PROBLEM STATEMENT.
In the records below, find the line containing "floor ground (EU_floor_Construction): 37.33,19.83" and the line containing "18.15,15.6 18.14,15.62 z0:3"; please repeat exactly the lines from one to the other, both included, and nothing more.

Start of SUPPLIED ENTRIES

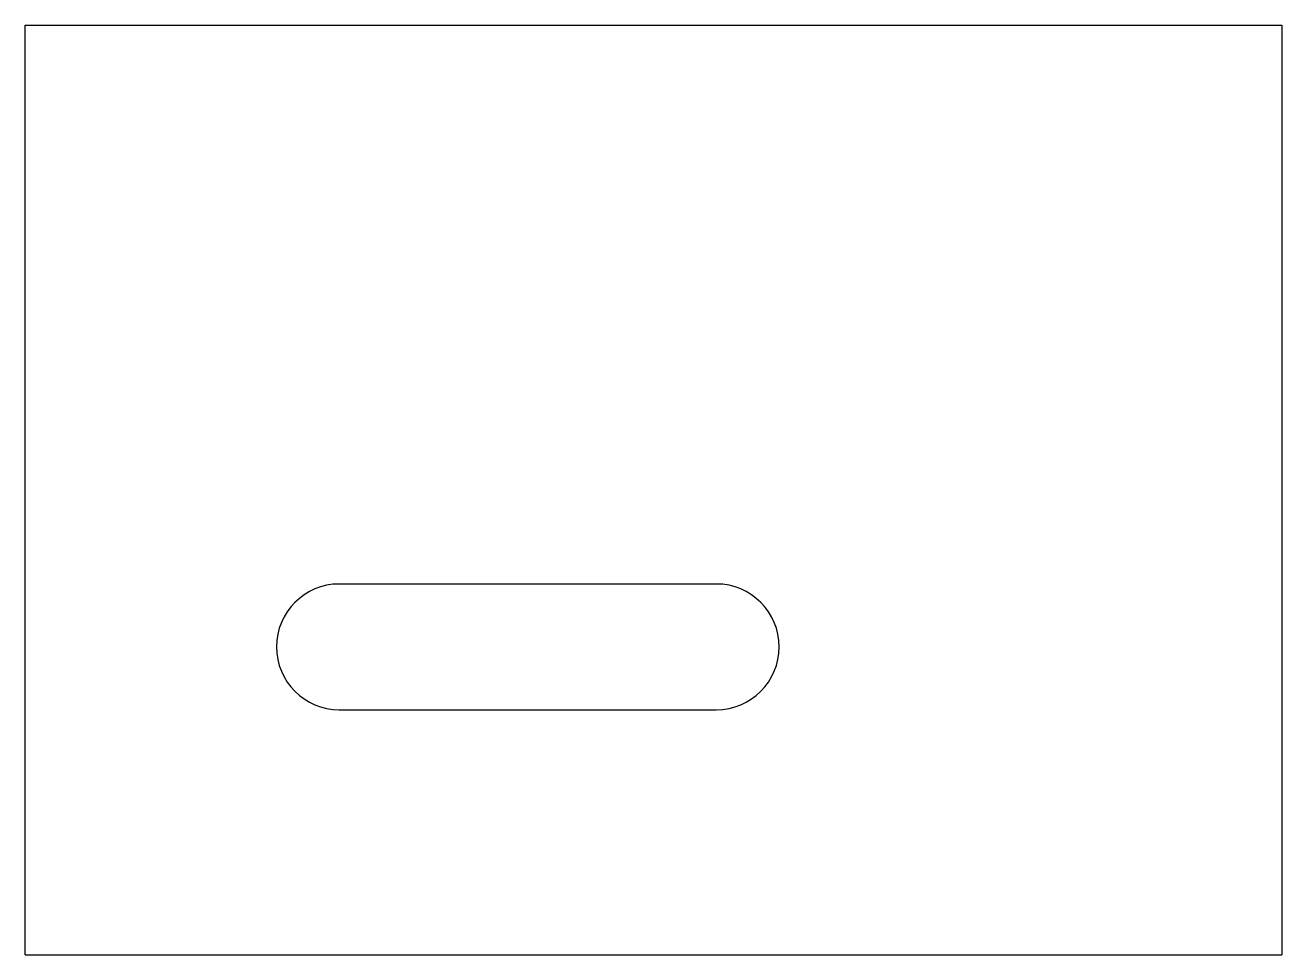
# Model space of a CAD drawing. Header units: millimetres. Extents: x 0 to 200, y 0 to 148.
import ezdxf

# ---------------------------------------------------------------- set-up
doc = ezdxf.new("R2010")
doc.units = ezdxf.units.MM

msp = doc.modelspace()

# ---------------------------------------------------------------- linework, layer by layer
at = {"color": 7, "linetype": 'Continuous', "lineweight": 25}
for p, q in [((0, 147.91), (200, 147.91)), ((0, 0), (0, 147.91)), ((200, 147.91), (200, 0)), ((110, 59), (50, 59)), ((50, 39), (110, 39)), ((0, 0), (200, 0))]:
    msp.add_line(p, q, dxfattribs=at)
for centre, start, end in [((50, 49), 90, 270), ((110, 49), 270, 90)]:
    msp.add_arc(centre, 10, start, end, dxfattribs=at)

doc.saveas('drawing.dxf')
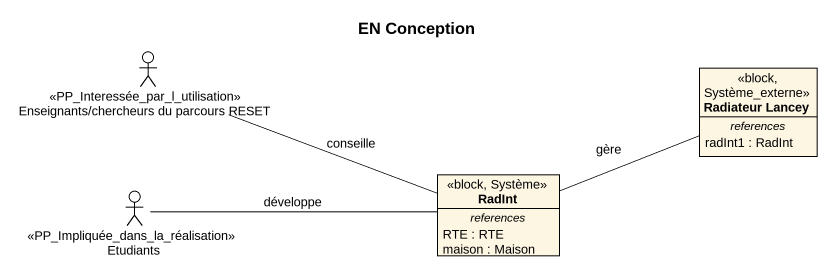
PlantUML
@startuml
title EN Conception
allowmixing
hide circle
hide empty members
actor "Enseignants/chercheurs du parcours RESET" as Enseignants_chercheurs_du <<PP_Interessée_par_l_utilisation>>
class "Radiateur Lancey" as Radiateur_Lancey <<block, Système_externe>> {
  -- references --
  radInt1 : RadInt
}
actor Etudiants <<PP_Impliquée_dans_la_réalisation>>
class RadInt <<block, Système>> {
  -- references --
  RTE : RTE
  maison : Maison
}
Enseignants_chercheurs_du -right- RadInt : conseille
Etudiants -right- RadInt : développe
RadInt -right- Radiateur_Lancey : gère
@enduml
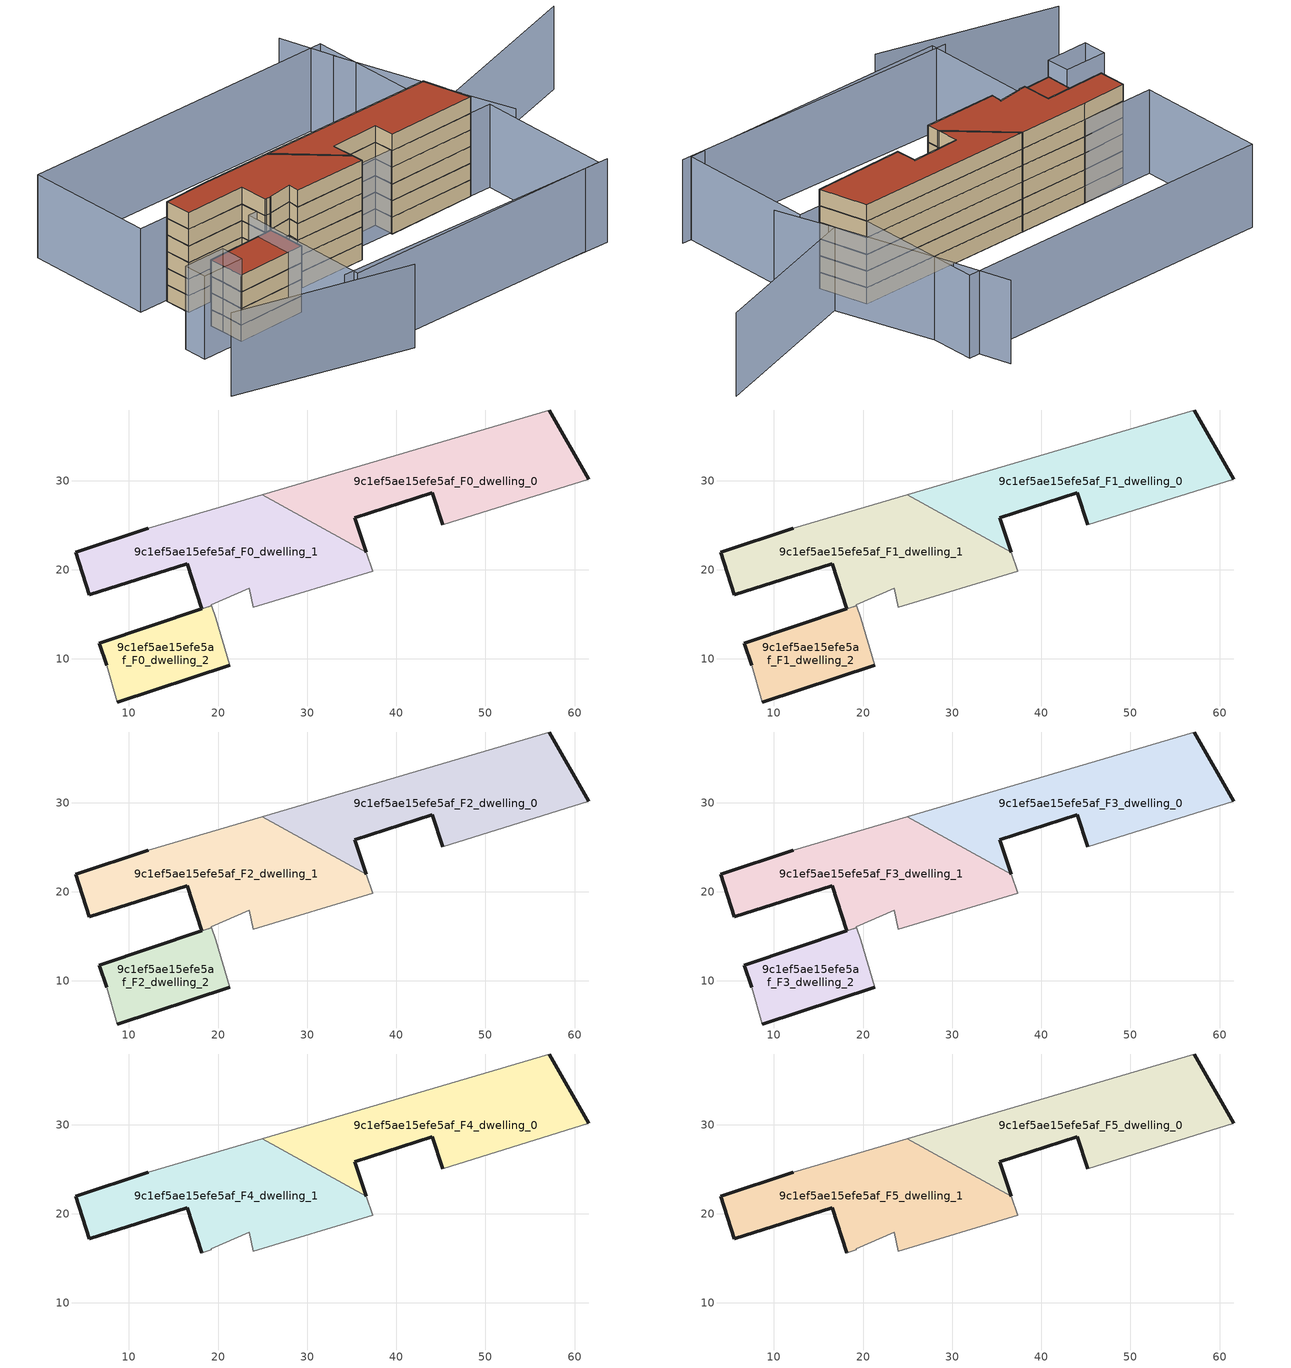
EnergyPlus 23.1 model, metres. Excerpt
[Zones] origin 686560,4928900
9c1ef5ae15efe5af_F0_dwelling_0
 floor ground (EU_floor_Construction): 61.59,30.16 57.15,37.94 24.95,28.45 36.64,21.95 35.35,25.85 44.03,28.67 45.23,25.04 z0
 wall outside (EU_wall_Construction): 45.23,25.04 44.03,28.67 35.35,25.85 36.64,21.95 / 57.15,37.94 61.59,30.16 z0:3
 wall to 9c1ef5ae15efe5af_F0_dwelling_1 (EU_wall_Construction): 36.64,21.95 24.95,28.45 z0:3
 wall adiabatic (EU_wall_Construction): 24.95,28.45 57.15,37.94 / 61.59,30.16 45.23,25.04 z0:3
9c1ef5ae15efe5af_F0_dwelling_1
 floor ground (EU_floor_Construction): 37.33,19.83 36.64,21.95 24.95,28.45 12.15,24.68 4.03,21.96 5.54,17.19 16.56,20.66 18.14,15.62 18.15,15.6 18.38,15.69 19.26,15.99 19.23,16.06 23.49,17.91 23.95,15.82 z0
 wall outside (EU_wall_Construction): 18.14,15.62 16.56,20.66 5.54,17.19 4.03,21.96 12.15,24.68 z0:3
 wall adiabatic (EU_wall_Construction): 12.15,24.68 24.95,28.45 / 36.64,21.95 37.33,19.83 23.95,15.82 23.49,17.91 19.23,16.06 19.26,15.99 18.38,15.69 / 18.15,15.6 18.14,15.62 z0:3
 wall to 9c1ef5ae15efe5af_F0_dwelling_2 (EU_wall_Construction): 18.38,15.69 18.15,15.6 z0:3
9c1ef5ae15efe5af_F0_dwelling_2
 floor ground (EU_floor_Construction): 21.31,9.27 19.74,14.65 19.29,15.92 19.26,15.99 18.38,15.69 18.15,15.6 18.15,15.61 18.14,15.61 6.67,11.78 7.52,9.28 8.67,5.17 z0
 wall outside (EU_wall_Construction): 7.52,9.28 6.67,11.78 18.14,15.61 / 21.31,9.27 8.67,5.17 z0:3
 wall adiabatic (EU_wall_Construction): 8.67,5.17 7.52,9.28 / 18.14,15.61 18.15,15.61 18.15,15.6 / 18.38,15.69 19.26,15.99 19.29,15.92 19.74,14.65 21.31,9.27 z0:3
9c1ef5ae15efe5af_F1_dwelling_0
 floor to 9c1ef5ae15efe5af_F0_dwelling_0 (EU_floor_Construction): 61.59,30.16 57.15,37.94 24.95,28.45 36.64,21.95 35.35,25.85 44.03,28.67 45.23,25.04 z3
 wall outside (EU_wall_Construction): 45.23,25.04 44.03,28.67 35.35,25.85 36.64,21.95 / 57.15,37.94 61.59,30.16 z3:6
 wall to 9c1ef5ae15efe5af_F1_dwelling_1 (EU_wall_Construction): 36.64,21.95 24.95,28.45 z3:6
 wall adiabatic (EU_wall_Construction): 24.95,28.45 57.15,37.94 / 61.59,30.16 45.23,25.04 z3:6
9c1ef5ae15efe5af_F1_dwelling_1
 floor to 9c1ef5ae15efe5af_F0_dwelling_1 (EU_floor_Construction): 37.33,19.83 36.64,21.95 24.95,28.45 12.15,24.68 4.03,21.96 5.54,17.19 16.56,20.66 18.14,15.62 18.15,15.6 18.38,15.69 19.26,15.99 19.23,16.06 23.49,17.91 23.95,15.82 z3
 wall outside (EU_wall_Construction): 18.14,15.62 16.56,20.66 5.54,17.19 4.03,21.96 12.15,24.68 z3:6
 wall adiabatic (EU_wall_Construction): 12.15,24.68 24.95,28.45 / 36.64,21.95 37.33,19.83 23.95,15.82 23.49,17.91 19.23,16.06 19.26,15.99 18.38,15.69 / 18.15,15.6 18.14,15.62 z3:6
 wall to 9c1ef5ae15efe5af_F1_dwelling_2 (EU_wall_Construction): 18.38,15.69 18.15,15.6 z3:6
9c1ef5ae15efe5af_F1_dwelling_2
 floor to 9c1ef5ae15efe5af_F0_dwelling_2 (EU_floor_Construction): 21.31,9.27 19.74,14.65 19.29,15.92 19.26,15.99 18.38,15.69 18.15,15.6 18.15,15.61 18.14,15.61 6.67,11.78 7.52,9.28 8.67,5.17 z3
 wall outside (EU_wall_Construction): 7.52,9.28 6.67,11.78 18.14,15.61 / 21.31,9.27 8.67,5.17 z3:6
 wall adiabatic (EU_wall_Construction): 8.67,5.17 7.52,9.28 / 18.14,15.61 18.15,15.61 18.15,15.6 / 18.38,15.69 19.26,15.99 19.29,15.92 19.74,14.65 21.31,9.27 z3:6
9c1ef5ae15efe5af_F2_dwelling_0
 floor to 9c1ef5ae15efe5af_F1_dwelling_0 (EU_floor_Construction): 61.59,30.16 57.15,37.94 24.95,28.45 36.64,21.95 35.35,25.85 44.03,28.67 45.23,25.04 z6
 wall outside (EU_wall_Construction): 45.23,25.04 44.03,28.67 35.35,25.85 36.64,21.95 / 57.15,37.94 61.59,30.16 z6:9
 wall to 9c1ef5ae15efe5af_F2_dwelling_1 (EU_wall_Construction): 36.64,21.95 24.95,28.45 z6:9
 wall adiabatic (EU_wall_Construction): 24.95,28.45 57.15,37.94 / 61.59,30.16 45.23,25.04 z6:9
9c1ef5ae15efe5af_F2_dwelling_1
 floor to 9c1ef5ae15efe5af_F1_dwelling_1 (EU_floor_Construction): 37.33,19.83 36.64,21.95 24.95,28.45 12.15,24.68 4.03,21.96 5.54,17.19 16.56,20.66 18.14,15.62 18.15,15.6 18.38,15.69 19.26,15.99 19.23,16.06 23.49,17.91 23.95,15.82 z6
 wall outside (EU_wall_Construction): 18.14,15.62 16.56,20.66 5.54,17.19 4.03,21.96 12.15,24.68 z6:9
 wall adiabatic (EU_wall_Construction): 12.15,24.68 24.95,28.45 / 36.64,21.95 37.33,19.83 23.95,15.82 23.49,17.91 19.23,16.06 19.26,15.99 18.38,15.69 / 18.15,15.6 18.14,15.62 z6:9
 wall to 9c1ef5ae15efe5af_F2_dwelling_2 (EU_wall_Construction): 18.38,15.69 18.15,15.6 z6:9
9c1ef5ae15efe5af_F2_dwelling_2
 floor to 9c1ef5ae15efe5af_F1_dwelling_2 (EU_floor_Construction): 21.31,9.27 19.74,14.65 19.29,15.92 19.26,15.99 18.38,15.69 18.15,15.6 18.15,15.61 18.14,15.61 6.67,11.78 7.52,9.28 8.67,5.17 z6
 wall outside (EU_wall_Construction): 7.52,9.28 6.67,11.78 18.14,15.61 / 21.31,9.27 8.67,5.17 z6:9
 wall adiabatic (EU_wall_Construction): 8.67,5.17 7.52,9.28 / 18.14,15.61 18.15,15.61 18.15,15.6 / 18.38,15.69 19.26,15.99 19.29,15.92 19.74,14.65 21.31,9.27 z6:9
9c1ef5ae15efe5af_F3_dwelling_0
 floor to 9c1ef5ae15efe5af_F2_dwelling_0 (EU_floor_Construction): 61.59,30.16 57.15,37.94 24.95,28.45 36.64,21.95 35.35,25.85 44.03,28.67 45.23,25.04 z9
 wall outside (EU_wall_Construction): 45.23,25.04 44.03,28.67 35.35,25.85 36.64,21.95 / 57.15,37.94 61.59,30.16 z9:12
 wall to 9c1ef5ae15efe5af_F3_dwelling_1 (EU_wall_Construction): 36.64,21.95 24.95,28.45 z9:12
 wall adiabatic (EU_wall_Construction): 24.95,28.45 57.15,37.94 / 61.59,30.16 45.23,25.04 z9:12
9c1ef5ae15efe5af_F3_dwelling_1
 floor to 9c1ef5ae15efe5af_F2_dwelling_1 (EU_floor_Construction): 37.33,19.83 36.64,21.95 24.95,28.45 12.15,24.68 4.03,21.96 5.54,17.19 16.56,20.66 18.14,15.62 18.15,15.6 18.38,15.69 19.26,15.99 19.23,16.06 23.49,17.91 23.95,15.82 z9
 wall outside (EU_wall_Construction): 18.14,15.62 16.56,20.66 5.54,17.19 4.03,21.96 12.15,24.68 z9:12
 wall adiabatic (EU_wall_Construction): 12.15,24.68 24.95,28.45 / 36.64,21.95 37.33,19.83 23.95,15.82 23.49,17.91 19.23,16.06 19.26,15.99 18.38,15.69 / 18.15,15.6 18.14,15.62 z9:12
 wall to 9c1ef5ae15efe5af_F3_dwelling_2 (EU_wall_Construction): 18.38,15.69 18.15,15.6 z9:12
9c1ef5ae15efe5af_F3_dwelling_2
 floor to 9c1ef5ae15efe5af_F2_dwelling_2 (EU_floor_Construction): 21.31,9.27 19.74,14.65 19.29,15.92 19.26,15.99 18.38,15.69 18.15,15.6 18.15,15.61 18.14,15.61 6.67,11.78 7.52,9.28 8.67,5.17 z9
 wall outside (EU_wall_Construction): 7.52,9.28 6.67,11.78 18.14,15.61 / 21.31,9.27 8.67,5.17 z9:12
 wall adiabatic (EU_wall_Construction): 8.67,5.17 7.52,9.28 / 18.14,15.61 18.15,15.61 18.15,15.6 / 18.38,15.69 19.26,15.99 19.29,15.92 19.74,14.65 21.31,9.27 z9:12
 roof outside (EU_roof_Construction): 19.29,15.92 19.74,14.65 21.31,9.27 8.67,5.17 7.52,9.28 6.67,11.78 18.14,15.61 18.15,15.61 18.15,15.6 18.38,15.69 19.26,15.99 z12
9c1ef5ae15efe5af_F4_dwelling_0
 floor to 9c1ef5ae15efe5af_F3_dwelling_0 (EU_floor_Construction): 61.59,30.16 57.15,37.94 24.95,28.45 36.64,21.95 35.35,25.85 44.03,28.67 45.23,25.04 z12
 wall outside (EU_wall_Construction): 45.23,25.04 44.03,28.67 35.35,25.85 36.64,21.95 / 57.15,37.94 61.59,30.16 z12:15
 wall to 9c1ef5ae15efe5af_F4_dwelling_1 (EU_wall_Construction): 36.64,21.95 24.95,28.45 z12:15
 wall adiabatic (EU_wall_Construction): 24.95,28.45 57.15,37.94 / 61.59,30.16 45.23,25.04 z12:15
9c1ef5ae15efe5af_F4_dwelling_1
 floor to 9c1ef5ae15efe5af_F3_dwelling_1 (EU_floor_Construction): 37.33,19.83 36.64,21.95 24.95,28.45 12.15,24.68 4.03,21.96 5.54,17.19 16.56,20.66 18.14,15.62 18.15,15.6 18.38,15.69 19.26,15.99 19.23,16.06 23.49,17.91 23.95,15.82 z12
 wall outside (EU_wall_Construction): 18.14,15.62 16.56,20.66 5.54,17.19 4.03,21.96 12.15,24.68 z12:15
 wall adiabatic (EU_wall_Construction): 12.15,24.68 24.95,28.45 / 36.64,21.95 37.33,19.83 23.95,15.82 23.49,17.91 19.23,16.06 19.26,15.99 18.38,15.69 18.15,15.6 18.14,15.62 z12:15
9c1ef5ae15efe5af_F5_dwelling_0
 floor to 9c1ef5ae15efe5af_F4_dwelling_0 (EU_floor_Construction): 61.59,30.16 57.15,37.94 24.95,28.45 36.64,21.95 35.35,25.85 44.03,28.67 45.23,25.04 z15
 wall outside (EU_wall_Construction): 45.23,25.04 44.03,28.67 35.35,25.85 36.64,21.95 / 57.15,37.94 61.59,30.16 z15:18
 wall to 9c1ef5ae15efe5af_F5_dwelling_1 (EU_wall_Construction): 36.64,21.95 24.95,28.45 z15:18
 wall adiabatic (EU_wall_Construction): 24.95,28.45 57.15,37.94 / 61.59,30.16 45.23,25.04 z15:18
 roof outside (EU_roof_Construction): 57.15,37.94 61.59,30.16 45.23,25.04 44.03,28.67 35.35,25.85 36.64,21.95 24.95,28.45 z18
9c1ef5ae15efe5af_F5_dwelling_1
 floor to 9c1ef5ae15efe5af_F4_dwelling_1 (EU_floor_Construction): 37.33,19.83 36.64,21.95 24.95,28.45 12.15,24.68 4.03,21.96 5.54,17.19 16.56,20.66 18.14,15.62 18.15,15.6 18.38,15.69 19.26,15.99 19.23,16.06 23.49,17.91 23.95,15.82 z15
 wall outside (EU_wall_Construction): 18.14,15.62 16.56,20.66 5.54,17.19 4.03,21.96 12.15,24.68 z15:18
 wall adiabatic (EU_wall_Construction): 12.15,24.68 24.95,28.45 / 36.64,21.95 37.33,19.83 23.95,15.82 23.49,17.91 19.23,16.06 19.26,15.99 18.38,15.69 18.15,15.6 18.14,15.62 z15:18
 roof outside (EU_roof_Construction): 36.64,21.95 37.33,19.83 23.95,15.82 23.49,17.91 19.23,16.06 19.26,15.99 18.38,15.69 18.15,15.6 18.14,15.62 16.56,20.66 5.54,17.19 4.03,21.96 12.15,24.68 24.95,28.45 z18
shading: -0.45,-9.4 32.14,-8.65 / 20.87,-6.62 74.12,7.57 / 68.53,28.22 62.49,37.37 / 62.49,37.37 88.55,54.6 / 63.15,36.36 50.64,56.17 / 50.93,55.78 45.52,64.84 / 8.73,5.19 1.06,2.91 / 1.06,2.91 -0.15,7 / -0.15,7 7.51,9.28 / 7.51,9.28 8.73,5.19 / 22.93,-7.09 15.98,17 / 15.98,17 65.55,31.3 / 65.55,31.3 72.5,7.2 / 72.5,7.2 22.93,-7.09 / -7.77,43.32 50.52,60.48 / 50.52,60.48 57.16,37.93 / 57.16,37.93 -1.14,20.77 / -1.14,20.77 -7.77,43.32 z0:15
[Building]
EU S2 Campaign: North Axis=0; Terrain=City; Solar Distribution=FullExterior
[Site:Location]
Bologna: Latitude=44.5; Longitude=11.25; Time Zone=1; Elevation=37
[SizingPeriod:WeatherFileDays]
AnnualSizingPeriod: Begin Month=1; Begin Day of Month=1; End Month=12; End Day of Month=31; Day of Week for Start Day=Monday; Use Weather File Daylight Saving Period=No; Use Weather File Rain and Snow Indicators=No
[MATERIAL]
EU_InternalMass_Material: Roughness=MediumRough; Thickness=0.1; Conductivity=1; Density=1800; Specific Heat=900; Thermal Absorptance=0.9; Solar Absorptance=0.7; Visible Absorptance=0.7
[MATERIAL:NOMASS] Roughness=MediumRough; Thermal Absorptance=0.9; Solar Absorptance=0.7; Visible Absorptance=0.7
Name | Thermal Resistance
EU_wall_NoMass | 0.905828
EU_roof_NoMass | 0.37593
EU_floor_NoMass | 0.67114
[CONSTRUCTION]
EU_wall_Construction: EU_wall_NoMass
EU_roof_Construction: EU_roof_NoMass
EU_floor_Construction: EU_floor_NoMass
EU_InternalMass_Construction: EU_InternalMass_Material
[ZONE] Type=1; Multiplier=1; Ceiling Height=autocalculate; Floor Area=autocalculate; Part of Total Floor Area=Yes
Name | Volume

End of SUPPLIED ENTRIES

TASK OUTPUT.
 floor ground (EU_floor_Construction): 37.33,19.83 36.64,21.95 24.95,28.45 12.15,24.68 4.03,21.96 5.54,17.19 16.56,20.66 18.14,15.62 18.15,15.6 18.38,15.69 19.26,15.99 19.23,16.06 23.49,17.91 23.95,15.82 z0
 wall outside (EU_wall_Construction): 18.14,15.62 16.56,20.66 5.54,17.19 4.03,21.96 12.15,24.68 z0:3
 wall adiabatic (EU_wall_Construction): 12.15,24.68 24.95,28.45 / 36.64,21.95 37.33,19.83 23.95,15.82 23.49,17.91 19.23,16.06 19.26,15.99 18.38,15.69 / 18.15,15.6 18.14,15.62 z0:3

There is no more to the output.